TASK BRIEF:
The expected response is the complete listing below, restated exactly, with its pictures omitted.

· · · · · · ·

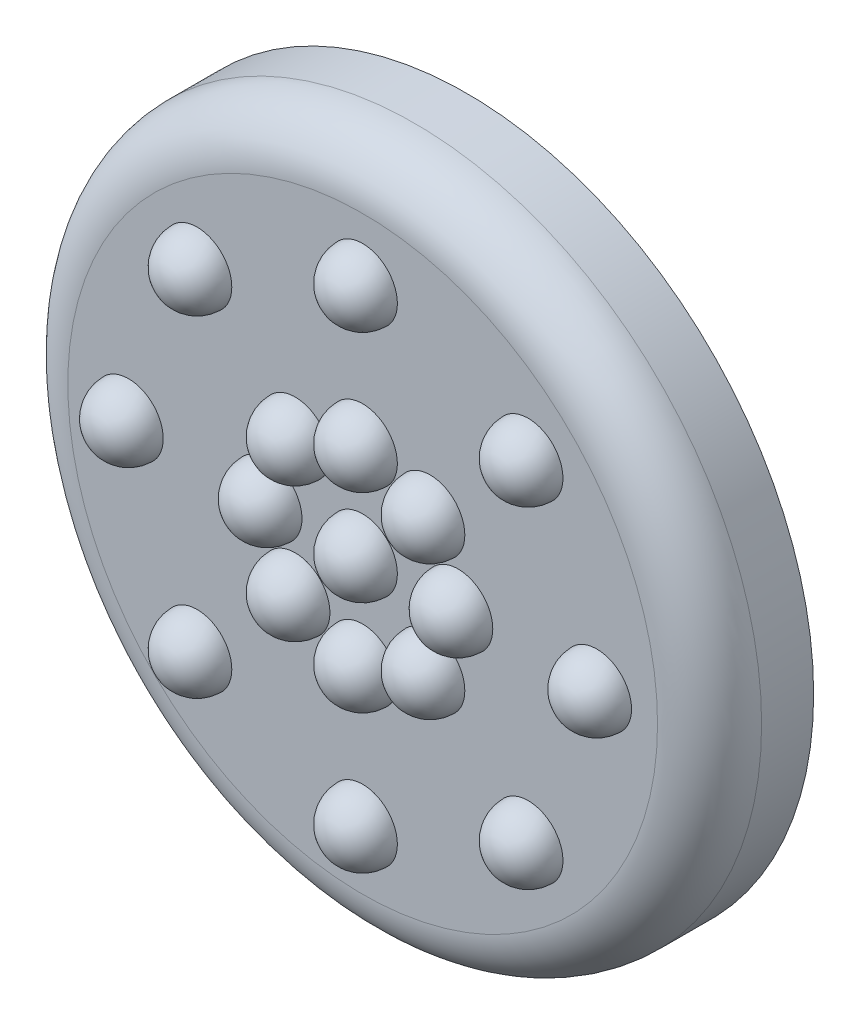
from build123d import *

# Parameters (mm, degrees)
SKETCH1_R           = 100
BOSS_EXTRUDE1_DEPTH = 30
FILLET1_R           = 15
LPATTERN1_COUNT     = 2
LPATTERN1_PITCH     = 40
CIRPATTERN2_COUNT   = 8


with BuildPart() as part:
    # Sketch1 → Boss-Extrude1 (new body)
    with BuildSketch(Plane.XY):
        Circle(SKETCH1_R)
    extrude(amount=BOSS_EXTRUDE1_DEPTH)

    # Fillet1
    fillet1_edges = [part.edges().sort_by_distance(p)[0] for p in [
        (-100, 0, 30),
    ]]
    fillet(fillet1_edges, radius=FILLET1_R)

    # Sketch2 → Revolve2 (revolve)
    with BuildSketch(Plane.XY.offset(30)):
        with BuildLine():
            Line((-10, -67.5), (10, -67.5))
            ThreePointArc((10, -67.5), (0, -77.5), (-10, -67.5))
        make_face()
    revolve2 = revolve(axis=Axis((-10, -67.5, 30), (1, 0, 0)))

    # LPattern1: Revolve2 ×2
    with Locations(*[(0, i * LPATTERN1_PITCH, 0) for i in range(1, LPATTERN1_COUNT)]):
        add(revolve2)

    # CirPattern2: Revolve2 ×8 about axis
    cirpattern2_axis = Axis((0, 0, 0), (0, 0, 1))
    for i in range(1, CIRPATTERN2_COUNT):
        add(revolve2.rotate(cirpattern2_axis, i * 360 / CIRPATTERN2_COUNT))

    # CirPattern2 copy 1 sketch → CirPattern2 copy 1 (revolve)
    with BuildSketch(Plane(origin=(-28.284271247, 28.284271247, 30), x_dir=(0.7071067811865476, 0.7071067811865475, 0), z_dir=(0, 0, 1))):
        with BuildLine():
            Line((-10, -67.5), (10, -67.5))
            ThreePointArc((10, -67.5), (0, -77.5), (-10, -67.5))
        make_face()
    revolve(axis=Axis((12.374368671, -26.516504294, 30), (0.7071067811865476, 0.7071067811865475, 0)))

    # CirPattern2 copy 2 sketch → CirPattern2 copy 2 (revolve)
    with BuildSketch(Plane(origin=(-40, 0, 30), x_dir=(0, 1, 0), z_dir=(0, 0, 1))):
        with BuildLine():
            Line((-10, -67.5), (10, -67.5))
            ThreePointArc((10, -67.5), (0, -77.5), (-10, -67.5))
        make_face()
    revolve(axis=Axis((27.5, -10, 30), (0, 1, 0)))

    # CirPattern2 copy 3 sketch → CirPattern2 copy 3 (revolve)
    with BuildSketch(Plane(origin=(-28.284271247, -28.284271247, 30), x_dir=(-0.7071067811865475, 0.7071067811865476, 0), z_dir=(0, 0, 1))):
        with BuildLine():
            Line((-10, -67.5), (10, -67.5))
            ThreePointArc((10, -67.5), (0, -77.5), (-10, -67.5))
        make_face()
    revolve(axis=Axis((26.516504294, 12.374368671, 30), (-0.7071067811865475, 0.7071067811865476, 0)))

    # CirPattern2 copy 4 sketch → CirPattern2 copy 4 (revolve)
    with BuildSketch(Plane(origin=(0, -40, 30), x_dir=(-1, 0, 0), z_dir=(0, 0, 1))):
        with BuildLine():
            Line((-10, -67.5), (10, -67.5))
            ThreePointArc((10, -67.5), (0, -77.5), (-10, -67.5))
        make_face()
    revolve(axis=Axis((10, 27.5, 30), (-1, 0, 0)))

    # CirPattern2 copy 5 sketch → CirPattern2 copy 5 (revolve)
    with BuildSketch(Plane(origin=(28.284271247, -28.284271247, 30), x_dir=(-0.7071067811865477, -0.7071067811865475, 0), z_dir=(0, 0, 1))):
        with BuildLine():
            Line((-10, -67.5), (10, -67.5))
            ThreePointArc((10, -67.5), (0, -77.5), (-10, -67.5))
        make_face()
    revolve(axis=Axis((-12.374368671, 26.516504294, 30), (-0.7071067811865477, -0.7071067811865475, 0)))

    # CirPattern2 copy 6 sketch → CirPattern2 copy 6 (revolve)
    with BuildSketch(Plane(origin=(40, 0, 30), x_dir=(0, -1, 0), z_dir=(0, 0, 1))):
        with BuildLine():
            Line((-10, -67.5), (10, -67.5))
            ThreePointArc((10, -67.5), (0, -77.5), (-10, -67.5))
        make_face()
    revolve(axis=Axis((-27.5, 10, 30), (0, -1, 0)))

    # CirPattern2 copy 7 sketch → CirPattern2 copy 7 (revolve)
    with BuildSketch(Plane(origin=(28.284271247, 28.284271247, 30), x_dir=(0.7071067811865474, -0.7071067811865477, 0), z_dir=(0, 0, 1))):
        with BuildLine():
            Line((-10, -67.5), (10, -67.5))
            ThreePointArc((10, -67.5), (0, -77.5), (-10, -67.5))
        make_face()
    revolve(axis=Axis((-26.516504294, -12.374368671, 30), (0.7071067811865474, -0.7071067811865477, 0)))

    # Sketch6 → Revolve3 (revolve)
    with BuildSketch(Plane.XY.offset(30)):
        with BuildLine():
            Line((10, 0), (-10, 0))
            ThreePointArc((-10, 0), (0, -10), (10, 0))
        make_face()
    revolve(axis=Axis((10, 0, 30), (-1, 0, 0)))


solid = part.part

· · · · · · ·

EXPECTED ANSWER:
from build123d import *

# Parameters (mm, degrees)
SKETCH1_R           = 100
BOSS_EXTRUDE1_DEPTH = 30
FILLET1_R           = 15
LPATTERN1_COUNT     = 2
LPATTERN1_PITCH     = 40
CIRPATTERN2_COUNT   = 8


with BuildPart() as part:
    # Sketch1 → Boss-Extrude1 (new body)
    with BuildSketch(Plane.XY):
        Circle(SKETCH1_R)
    extrude(amount=BOSS_EXTRUDE1_DEPTH)

    # Fillet1
    fillet1_edges = [part.edges().sort_by_distance(p)[0] for p in [
        (-100, 0, 30),
    ]]
    fillet(fillet1_edges, radius=FILLET1_R)

    # Sketch2 → Revolve2 (revolve)
    with BuildSketch(Plane.XY.offset(30)):
        with BuildLine():
            Line((-10, -67.5), (10, -67.5))
            ThreePointArc((10, -67.5), (0, -77.5), (-10, -67.5))
        make_face()
    revolve2 = revolve(axis=Axis((-10, -67.5, 30), (1, 0, 0)))

    # LPattern1: Revolve2 ×2
    with Locations(*[(0, i * LPATTERN1_PITCH, 0) for i in range(1, LPATTERN1_COUNT)]):
        add(revolve2)

    # CirPattern2: Revolve2 ×8 about axis
    cirpattern2_axis = Axis((0, 0, 0), (0, 0, 1))
    for i in range(1, CIRPATTERN2_COUNT):
        add(revolve2.rotate(cirpattern2_axis, i * 360 / CIRPATTERN2_COUNT))

    # CirPattern2 copy 1 sketch → CirPattern2 copy 1 (revolve)
    with BuildSketch(Plane(origin=(-28.284271247, 28.284271247, 30), x_dir=(0.7071067811865476, 0.7071067811865475, 0), z_dir=(0, 0, 1))):
        with BuildLine():
            Line((-10, -67.5), (10, -67.5))
            ThreePointArc((10, -67.5), (0, -77.5), (-10, -67.5))
        make_face()
    revolve(axis=Axis((12.374368671, -26.516504294, 30), (0.7071067811865476, 0.7071067811865475, 0)))

    # CirPattern2 copy 2 sketch → CirPattern2 copy 2 (revolve)
    with BuildSketch(Plane(origin=(-40, 0, 30), x_dir=(0, 1, 0), z_dir=(0, 0, 1))):
        with BuildLine():
            Line((-10, -67.5), (10, -67.5))
            ThreePointArc((10, -67.5), (0, -77.5), (-10, -67.5))
        make_face()
    revolve(axis=Axis((27.5, -10, 30), (0, 1, 0)))

    # CirPattern2 copy 3 sketch → CirPattern2 copy 3 (revolve)
    with BuildSketch(Plane(origin=(-28.284271247, -28.284271247, 30), x_dir=(-0.7071067811865475, 0.7071067811865476, 0), z_dir=(0, 0, 1))):
        with BuildLine():
            Line((-10, -67.5), (10, -67.5))
            ThreePointArc((10, -67.5), (0, -77.5), (-10, -67.5))
        make_face()
    revolve(axis=Axis((26.516504294, 12.374368671, 30), (-0.7071067811865475, 0.7071067811865476, 0)))

    # CirPattern2 copy 4 sketch → CirPattern2 copy 4 (revolve)
    with BuildSketch(Plane(origin=(0, -40, 30), x_dir=(-1, 0, 0), z_dir=(0, 0, 1))):
        with BuildLine():
            Line((-10, -67.5), (10, -67.5))
            ThreePointArc((10, -67.5), (0, -77.5), (-10, -67.5))
        make_face()
    revolve(axis=Axis((10, 27.5, 30), (-1, 0, 0)))

    # CirPattern2 copy 5 sketch → CirPattern2 copy 5 (revolve)
    with BuildSketch(Plane(origin=(28.284271247, -28.284271247, 30), x_dir=(-0.7071067811865477, -0.7071067811865475, 0), z_dir=(0, 0, 1))):
        with BuildLine():
            Line((-10, -67.5), (10, -67.5))
            ThreePointArc((10, -67.5), (0, -77.5), (-10, -67.5))
        make_face()
    revolve(axis=Axis((-12.374368671, 26.516504294, 30), (-0.7071067811865477, -0.7071067811865475, 0)))

    # CirPattern2 copy 6 sketch → CirPattern2 copy 6 (revolve)
    with BuildSketch(Plane(origin=(40, 0, 30), x_dir=(0, -1, 0), z_dir=(0, 0, 1))):
        with BuildLine():
            Line((-10, -67.5), (10, -67.5))
            ThreePointArc((10, -67.5), (0, -77.5), (-10, -67.5))
        make_face()
    revolve(axis=Axis((-27.5, 10, 30), (0, -1, 0)))

    # CirPattern2 copy 7 sketch → CirPattern2 copy 7 (revolve)
    with BuildSketch(Plane(origin=(28.284271247, 28.284271247, 30), x_dir=(0.7071067811865474, -0.7071067811865477, 0), z_dir=(0, 0, 1))):
        with BuildLine():
            Line((-10, -67.5), (10, -67.5))
            ThreePointArc((10, -67.5), (0, -77.5), (-10, -67.5))
        make_face()
    revolve(axis=Axis((-26.516504294, -12.374368671, 30), (0.7071067811865474, -0.7071067811865477, 0)))

    # Sketch6 → Revolve3 (revolve)
    with BuildSketch(Plane.XY.offset(30)):
        with BuildLine():
            Line((10, 0), (-10, 0))
            ThreePointArc((-10, 0), (0, -10), (10, 0))
        make_face()
    revolve(axis=Axis((10, 0, 30), (-1, 0, 0)))


solid = part.part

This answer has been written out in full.